I hope Geddy's birthday was a happy one (he spent it with his family, I am told). And I'm glad my post brought back some positive memories for the fans. In this crazy world, with a pandemic, political divisions, economic problems, and general insecurity, it's comforting to share some good music, and to keep in mind that there are still people out there who haven't changed-- they are still the same good people they always were. I don't know about you, but I find that both refreshing and encouraging.      

Wednesday, July 15, 2020

All The Small Things

A couple of days ago, I lost track of what day it was.  No, there's nothing wrong with me (not as far as I know!), but my experience is a common one, it turns out. I heard a commentator on TV remark that during the pandemic, every day is "Blursday," since the ways many of us mark each new day-- our routines, like going to the office or visiting friends or attending a worship service or taking a trip-- have all been disrupted. When you've been spending long hours at home, even under the best of circumstances, the days begin to have a certain sameness to them, and Monday feels like Wednesday, which feels like Friday.

I've tried to make the best of it. When we were in the midst of strict stay-at-home orders in Massachusetts, I made sure I got dressed for business every day, and I tried to schedule Zoom calls with students or colleagues, just to stay busy and to keep my communication skills current. But it didn't always help. Seeing folks on a tiny screen (or even a bigger one) isn't the same as being with them in person. I found myself missing the ability to give someone a hug, or shake their hand. It's probably my imagination, but I don't feel as alert or as sharp as I did four months ago. And based on what I've been reading from other folks, I'm not the only one who feels this way.

In Massachusetts, we have a very cautious governor who instituted rules and steps; and nearly everyone followed them. Mask wearing was not a political issue-- most of us understood the reason for it, and even now, four months later, if you go into most stores, you'll see that 99% of people wear a mask.  (Some of us are trying to have fun with it: I often color-coordinate my masks with what I'm wearing, and I've also seen specially-made masks for sports fans, fans of certain rock bands, etc.  The other day, I was online and noticed about fifteen pages of craftspeople who custom-design masks... one of them is a cousin of mine, and she does an amazing job. I hope she's getting lots of customers!)

Because our COVID-19 numbers have continued to decline, restrictions are gradually being lifted. This past Sunday, for the first time in nearly four months, I was able to visit Jeff, the autistic young man I've known and advocated for since 1984. It was the longest we'd ever been apart, and I worried that he might forget about me. But in his mind, the four months never happened. The moment he saw me, it was like everything was fine again.  He was smiling, ready to get in my car and go out to find some lunch (not everything has opened back up yet). He was convinced that the routine he missed so much must be back in place again. He doesn't quite understand why we couldn't see each other, and he doesn't quite understand why he can't go back to work yet, but getting together with me was a sign that normal daily life must be returning, and it made him happy.

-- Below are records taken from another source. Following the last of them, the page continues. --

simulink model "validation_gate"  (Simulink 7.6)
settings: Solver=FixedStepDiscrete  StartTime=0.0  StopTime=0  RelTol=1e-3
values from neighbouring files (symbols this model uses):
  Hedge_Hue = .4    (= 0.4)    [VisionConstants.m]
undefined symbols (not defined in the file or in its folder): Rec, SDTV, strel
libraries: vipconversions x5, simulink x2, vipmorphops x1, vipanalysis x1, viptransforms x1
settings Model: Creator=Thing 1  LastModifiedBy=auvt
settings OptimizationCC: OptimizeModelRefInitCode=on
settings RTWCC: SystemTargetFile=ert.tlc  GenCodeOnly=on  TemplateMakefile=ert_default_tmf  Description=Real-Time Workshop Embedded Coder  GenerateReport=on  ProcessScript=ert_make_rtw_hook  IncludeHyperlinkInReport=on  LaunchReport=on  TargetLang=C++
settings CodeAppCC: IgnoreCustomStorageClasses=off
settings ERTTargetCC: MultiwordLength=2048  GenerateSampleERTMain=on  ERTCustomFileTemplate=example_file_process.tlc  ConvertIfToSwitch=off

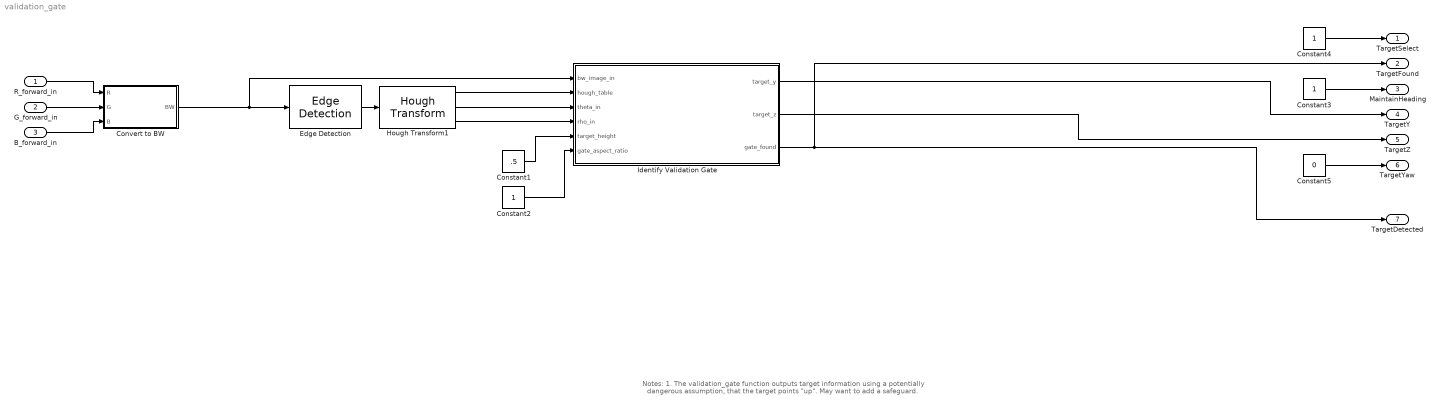
== system validation_gate ==
  note: Notes:
      | 1. The validation_gate function outputs target
      | information using a potentially dangerous
      | assumption, that the target points "up". May
      | want to add a safeguard.
  R_forward_in : Inport  PortDimensions=[160 120]
  G_forward_in : Inport  Port=2  PortDimensions=[160 120]
  B_forward_in : Inport  Port=3  PortDimensions=[160 120]
  Constant1 : Constant  Value=.5  SampleTime=-1
  Constant2 : Constant  SampleTime=-1
  Constant3 : Constant  SampleTime=-1
  Constant4 : Constant  SampleTime=-1
  Constant5 : Constant  Value=0  SampleTime=-1
  Convert to BW : Subsystem
  Edge Detection : vipanalysis/Edge Detection  DialogController=vipDDGCreate  DialogControllerArgs=DataTag3  method=Sobel  outputType=Binary image  userDefinedThreshold=off  thresholdSource=Specify via dialog  threshold=20  thresholdTuning=3  edgeThinning=on  threshold_canny=[0.25 0.60]  autoPercent=70  sigma=1  roundingMode=Floor  overflowMode=off
  Hough Transform1 : viptransforms/Hough Transform  DialogController=vipDDGCreate  DialogControllerArgs=DataTag4  theta_res=pi/180  rho_res=1  out_theta_rho=on  outdtmode=double  firstCoeffMode=Binary point scaling  firstCoeffWordLength=16  firstCoeffFracLength=14  secondCoeffMode=Binary point scaling  secondCoeffWordLength=32  secondCoeffFracLength=16  outputMode=Binary point scaling  outputWordLength=16  outputFracLength=0  accumMode=Binary point scaling  accumWordLength=32  accumFracLength=20  prodOutputMode=Binary point scaling  prodOutputWordLength=32  prodOutputFracLength=20  memoryMode=Binary point scaling  memoryWordLength=32  memoryFracLength=16  roundingMode=Nearest  overflowMode=on
  Identify Validation Gate : Stateflow chart  TreatAsAtomicUnit=on  SystemSampleTime=[1/30 0]
  TargetSelect : Outport  OutDataTypeStr=double
  TargetFound : Outport  Port=2  OutDataTypeStr=double
  MaintainHeading : Outport  Port=3  OutDataTypeStr=double
  TargetY : Outport  Port=4  OutDataTypeStr=double
  TargetZ : Outport  Port=5  OutDataTypeStr=double
  TargetYaw : Outport  Port=6  OutDataTypeStr=double
  TargetDetected : Outport  Port=7  OutDataTypeStr=double
  wires:
  Hough Transform1/1 -> Identify Validation Gate/2(hough_table)
  Hough Transform1/2 -> Identify Validation Gate/3(theta_in)
  Hough Transform1/3 -> Identify Validation Gate/4(rho_in)
  Edge Detection/1 -> Hough Transform1/1
  Constant1/1 -> Identify Validation Gate/5(target_height)
  Constant2/1 -> Identify Validation Gate/6(gate_aspect_ratio)
  R_forward_in/1 -> Convert to BW/1(R)
  G_forward_in/1 -> Convert to BW/2(G)
  B_forward_in/1 -> Convert to BW/3(B)
  Identify Validation Gate/3(gate_found) -> TargetDetected/1, TargetFound/1
  Identify Validation Gate/1(target_y) -> TargetY/1
  Identify Validation Gate/2(target_z) -> TargetZ/1
  Constant3/1 -> MaintainHeading/1
  Constant4/1 -> TargetSelect/1
  Constant5/1 -> TargetYaw/1
  Convert to BW/1(BW) -> Edge Detection/1, Identify Validation Gate/1(bw_image_in)

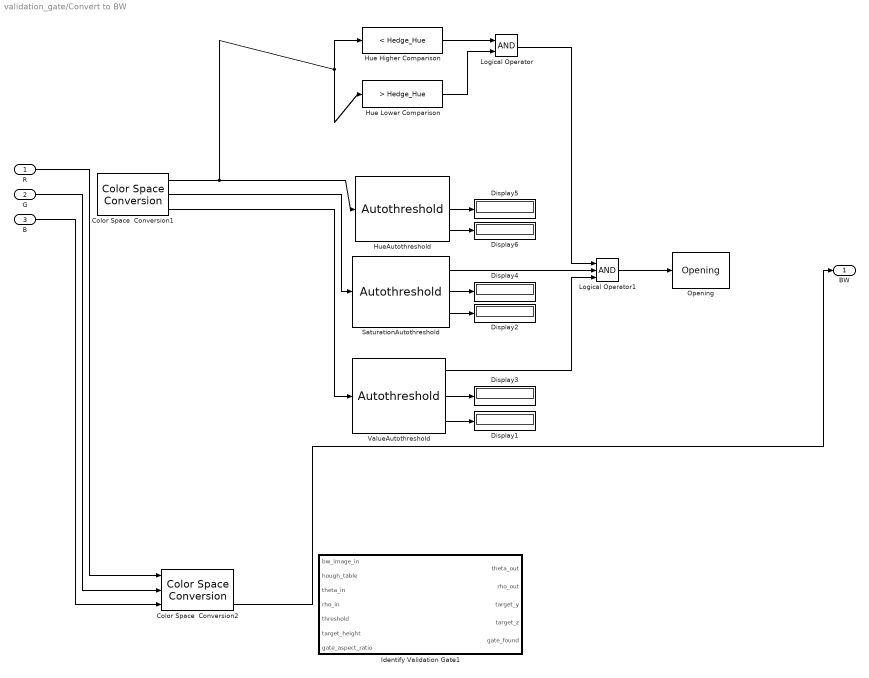
== system validation_gate/Convert to BW ==
  R : Inport  OutDataTypeStr=double
  G : Inport  Port=2  OutDataTypeStr=double
  B : Inport  Port=3  OutDataTypeStr=double
  Color Space  Conversion1 : vipconversions/Color Space  Conversion  conversion=Obsolete  conversionActive=R'G'B' to HSV  wp_str=D65  rec=Rec. 601 (SDTV)  sys=1125/60/2:1  imagePorts=Separate color signals
  Color Space  Conversion2 : vipconversions/Color Space  Conversion  conversion=Obsolete  conversionActive=R'G'B' to HSV  wp_str=D65  rec=Rec. 601 (SDTV)  sys=1125/60/2:1  imagePorts=Separate color signals
  Display{1..6} (6 alike) : Display
  Hue Higher Comparison : simulink/Logic and Bit Operations/Compare To Constant  SystemSampleTime=-1  relop=<  const=Hedge_Hue  LogicOutDataTypeMode=boolean  ZeroCross=off
  Hue Lower Comparison : simulink/Logic and Bit Operations/Compare To Constant  SystemSampleTime=-1  relop=>  const=Hedge_Hue  LogicOutDataTypeMode=boolean  ZeroCross=off
  HueAutothreshold : vipconversions/Autothreshold  DialogController=vipDDGCreate  DialogControllerArgs=DataTag0  operator=>  threshOut=on  effMetricOut=on  userDefinedRange=off  umin=0  umax=255  outOfRngOpt=Warn and saturate  scaleThreshold=off  scaleFactor=1  P1Mode=Specify word length  P1WordLength=32  P1FracLength=30  P2Mode=Specify word length  P2WordLength=32  P2FracLength=22  P3Mode=Specify word length  P3WordLength=32  P3FracLength=14  P4Mode=Binary point scaling  P4WordLength=32  P4FracLength=15  Q1Mode=Specify word length  Q1WordLength=32  Q1FracLength=16  EMMode=Specify word length  EMWordLength=16  EMFracLength=14  roundingMode=Floor  overflowMode=off
  Identify Validation Gate1 : Stateflow chart  TreatAsAtomicUnit=on  SystemSampleTime=[1/30 0]
  Logical Operator : Logic  AllPortsSameDT=off  OutDataTypeStr=fixdt('boolean', 'DataTypeOverride', 'Off')
  Logical Operator1 : Logic  Inputs=3
  Opening : vipmorphops/Opening  nhoodsrc=Specify via dialog  strel=strel('disk',2)
  SaturationAutothreshold : vipconversions/Autothreshold  DialogController=vipDDGCreate  DialogControllerArgs=DataTag1  operator=>  threshOut=on  effMetricOut=on  userDefinedRange=off  umin=0  umax=255  outOfRngOpt=Warn and saturate  scaleThreshold=off  scaleFactor=1  P1Mode=Specify word length  P1WordLength=32  P1FracLength=30  P2Mode=Specify word length  P2WordLength=32  P2FracLength=22  P3Mode=Specify word length  P3WordLength=32  P3FracLength=14  P4Mode=Binary point scaling  P4WordLength=32  P4FracLength=15  Q1Mode=Specify word length  Q1WordLength=32  Q1FracLength=16  EMMode=Specify word length  EMWordLength=16  EMFracLength=14  roundingMode=Floor  overflowMode=off
  ValueAutothreshold : vipconversions/Autothreshold  DialogController=vipDDGCreate  DialogControllerArgs=DataTag2  operator=>  threshOut=on  effMetricOut=on  userDefinedRange=off  umin=0  umax=255  outOfRngOpt=Warn and saturate  scaleThreshold=off  scaleFactor=1  P1Mode=Specify word length  P1WordLength=32  P1FracLength=30  P2Mode=Specify word length  P2WordLength=32  P2FracLength=22  P3Mode=Specify word length  P3WordLength=32  P3FracLength=14  P4Mode=Binary point scaling  P4WordLength=32  P4FracLength=15  Q1Mode=Specify word length  Q1WordLength=32  Q1FracLength=16  EMMode=Specify word length  EMWordLength=16  EMFracLength=14  roundingMode=Floor  overflowMode=off
  BW : Outport
  wires:
  Color Space  Conversion1/2 -> SaturationAutothreshold/1
  Color Space  Conversion1/1 -> HueAutothreshold/1, Hue Lower Comparison/1, Hue Higher Comparison/1
  SaturationAutothreshold/3 -> Display2/1
  Logical Operator/1 -> Logical Operator1/1
  ValueAutothreshold/2 -> Display3/1
  Color Space  Conversion1/3 -> ValueAutothreshold/1
  SaturationAutothreshold/1 -> Logical Operator1/2
  ValueAutothreshold/1 -> Logical Operator1/3
  HueAutothreshold/2 -> Display5/1
  HueAutothreshold/3 -> Display6/1
  SaturationAutothreshold/2 -> Display4/1
  ValueAutothreshold/3 -> Display1/1
  Hue Higher Comparison/1 -> Logical Operator/1
  Hue Lower Comparison/1 -> Logical Operator/2
  Logical Operator1/1 -> Opening/1
  R/1 -> Color Space  Conversion2/1
  G/1 -> Color Space  Conversion2/2
  B/1 -> Color Space  Conversion2/3
  Color Space  Conversion2/3 -> BW/1

== matlab function Identify Validation Gate ==
  data: bw_image_in input double; hough_table input double; target_y output double; target_z output double; gate_found output double; theta_in input double; rho_in input double; target_height input double; gate_aspect_ratio input double
function [target_y, target_z, gate_found] = validation_gate(bw_image_in, hough_table, theta_in, rho_in, target_height, gate_aspect_ratio)
%#eml

% This function attempts to identfiy the validation gate, and returns
%   targeting information, and a true/false gate_found parameter.
%
% 5-29-11
%
% Input
%
%   target_height = fraction of goal post height to aim AUV at
%   gate_aspect_ratio = used to infer unknown points with little extra
%     processing (height/width of large goalpost-shape)
%
% Output
%
% Notes:
%   The hough_table is destroyed in this function (acceptable if
%     hough_table is not an output)
%   Process:
%     1. Identify primary, relatively "long" lines
%     2. 

% Initialize
peak_tol_ratio = .1;  % Fraction of max(rows,cols) of image within which a
%                         peak is assumed to reside; this helps reduce
%                         incorrect line extraction


% Only the (max_num_lines) with the most votes will be considered as
%   candidates for the validation gate
max_num_lines = min( length(rho_in), length(theta_in) );
[rho_length, theta_length] = size(hough_table);
[rows, cols] = size(bw_image_in);



% eps_rho must be at least as big as the gate leg diameter (units of
%   pixels)
eps_rho = .1*max(rows,cols);
% eps_theta is used to distinguish lines as "horizontal" or "vertical";
%   units are radians
eps_theta = 10*pi/180;


% These vectors contain the final three lines that compose the validation gate
rho_gate = zeros(1,3);
theta_gate = zeros(1,3);

% These vectors contain intermediate line information; as lines are
%   eliminated from these vectors, their values are set to zero
rho = zeros(1,max_num_lines);
theta = zeros(1,max_num_lines);





% Identify the most popular max_num_lines lines
i_index = ones(1,max_num_lines);
j_index = ones(1,max_num_lines);

m = 1;
while( m <= max_num_lines )
    
    max_votes = 0;
    for i = 1:rho_length
        for j = 1:theta_length
            if( hough_table(i,j) > max_votes )
                i_index(m) = i;
                j_index(m) = j;
                max_votes = hough_table(i,j);
            end
        end
    end
    
    rho(m) = rho_in(i_index(m));
    theta(m) = theta_in(j_index(m));
    hough_table(i_index(m),j_index(m)) = 0;
    m = m + 1;
    
end


% Eliminate all lines that are not either vertical or horizontal
for i = 1:max_num_lines
    
    condition1 = ( abs(theta(i) - pi/2) <= eps_theta || abs(theta(i) + pi/2) <= eps_theta );  % Vertical line
    condition2 = ( abs(theta(i) - 0) <= eps_theta );  % Horizontal line
    
    if( ~( (condition1 || condition2) && (rho(i) ~= 0) ) )
        rho(i) = 0;
        theta(i) = 0;
    end
    
end




%{
%% The following sorting may not be necessary.
% Sort the rho and theta vectors, keeping track of how many values refer to
%   lines (zero for rho and theta indicate an invalid line)
hold1 = rho;
hold2 = theta;
num_valid_lines = max_num_lines;
for m = 1:max_num_lines
    
    imin = 1;
    lowest_theta = 1000;
    for i = 1:max_num_lines
        if( hold1(i) ~= 0 && hold2(i) < lowest_theta )
            imin = i;
            lowest_theta = hold2(i);
        end
    end
    
    if( lowest_theta ~= 1000 )
        rho(m) = hold1(imin);
        theta(m) = hold2(imin);
        hold1(imin) = 0;
    else
        num_valid_lines = m - 1;
        break;
    end
end
% Set all invalid lines to zeros in rho and theta vectors
for i = (num_valid_lines + 1):max_num_lines
    rho(i) = 0;
    theta(i) = 0;
end
%}



% Effectively generate a small Hough table which contains only values of
%   interest for the validation gate application

rbinv = [0:(2*eps_rho):max(rows, cols)];  % Rho bins for vertical lines
nbinsv = length(rbinv);  % Number of rho bins for vertical lines
ravgv = zeros(1,nbinsv);  % Average rho values for each bin (note that the average value will generally differ slightly than the bin value)
tavgv = zeros(1,nbinsv);  % Average theta values for each bin
vbinv = zeros(1,nbinsv);  % Votes bins for vertical lines

rbinh = [0:(2*eps_rho):max(rows, cols)];
nbinsh = length(rbinh);
ravgh = zeros(1,nbinsh);
tavgh = zeros(1,nbinsh);
vbinh = zeros(1,nbinsh);

for i = 1:max_num_lines
    
    % Consider only lines that are either vertical or horizontal, within
    %   tolerance
    condition1 = ( abs(theta(i) - pi/2) <= eps_theta || abs(theta(i) + pi/2) <= eps_theta );  % Vertical line
    condition2 = ( abs(theta(i) - 0) <= eps_theta );  % Horizontal line
    
    if(condition1)  % Analyze vertical lines
        
        for b = 1:nbinsv

            % Place each rho value into a bin
            if( abs(rho(i) - rbinv(b)) <= eps_rho )
                ravgv(b) = ravgv(b) + rho(i);
                tavgv(b) = tavgv(b) + theta(i);
                vbinv(b) = vbinv(b) + 1;
                break;
            end

        end
        
    elseif(condition2)  % Analyze horizontal lines
        
        theta(i) = theta(i) + pi;
        rho(i) = -rho(i);
        
        for b = 1:nbinsh
            
            % Place each rho value into a bin
            if( abs(rho(i) - rbinh(b)) <= eps_rho )
                ravgh(b) = ravgh(b) + rho(i);
                tavgh(b) = tavgh(b) + theta(i);
                vbinh(b) = vbinh(b) + 1;
                break;
            end
            
        end
        
    end
    
end
    
    
            
%% Extract three lines that fit the criteria for being the validation gate
% Determine the left post as the leftmost vertical line
rmin = 10000;
rmax = -10000;
for b = 1:nbinsv
    if( ravgv(b) < rmin )
        rmin = ravgv(b);
        rho_gate(1) = ravgv(b);
        theta_gate(1) = tavgv(b);
    end
    if( ravgv(b) > rmax )
        rmax = ravgv(b);
        rho_gate(3) = ravgv(b);
        theta_gate(3) = tavgv(b);
    end
end
rmin = 10000;
for b = 1:nbinsh
    if( ravgh(b) < rmin )
        rmin = ravgh(b);
        rho_gate(2) = ravgh(b);
        theta_gate(2) = tavgh(b);
    end
end


%% Compute targeting information
% Compute intersections
r1 = (  ( rho_gate(1)/cos(theta_gate(1)) ) - ( rho_gate(2)/cos(theta_gate(2)) )  )*(  1/( tan(theta_gate(1)) - tan(theta_gate(2)) )  );
c1 = ( 1/cos(theta_gate(1)) )*( rho_gate(1) - r1*sin(theta_gate(1)) );

r3 = (  ( rho_gate(2)/cos(theta_gate(2)) ) - ( rho_gate(3)/cos(theta_gate(3)) )  )*(  1/( tan(theta_gate(2)) - tan(theta_gate(3)) )  );
c3 = ( 1/cos(theta_gate(2)) )*( rho_gate(2) - r3*sin(theta_gate(2)) );

r2 = (r1 + r3)/2;
c2 = (c1 + c3)/2;

% Compute gate width
w = sqrt( (r3 - r1)^2 + (c3 - c1)^2 );

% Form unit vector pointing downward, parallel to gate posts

Of course, daily life is not normal yet. I don't know when it will be. But the past four months have given me a renewed appreciation for the little things in life-- like reading a good book, or enjoying a favorite music video, or watching the flowers blooming in our garden... or finally being able to visit a friend. There's a part of me that misses going in to work, but I haven't missed sitting in traffic! (However, I have missed visiting libraries and museums. Glad they are opening back up!) Most of all, I'll be glad when I can get back to a regular schedule again-- there's something to be said for knowing what day it is, and knowing there's somewhere I'm supposed to be.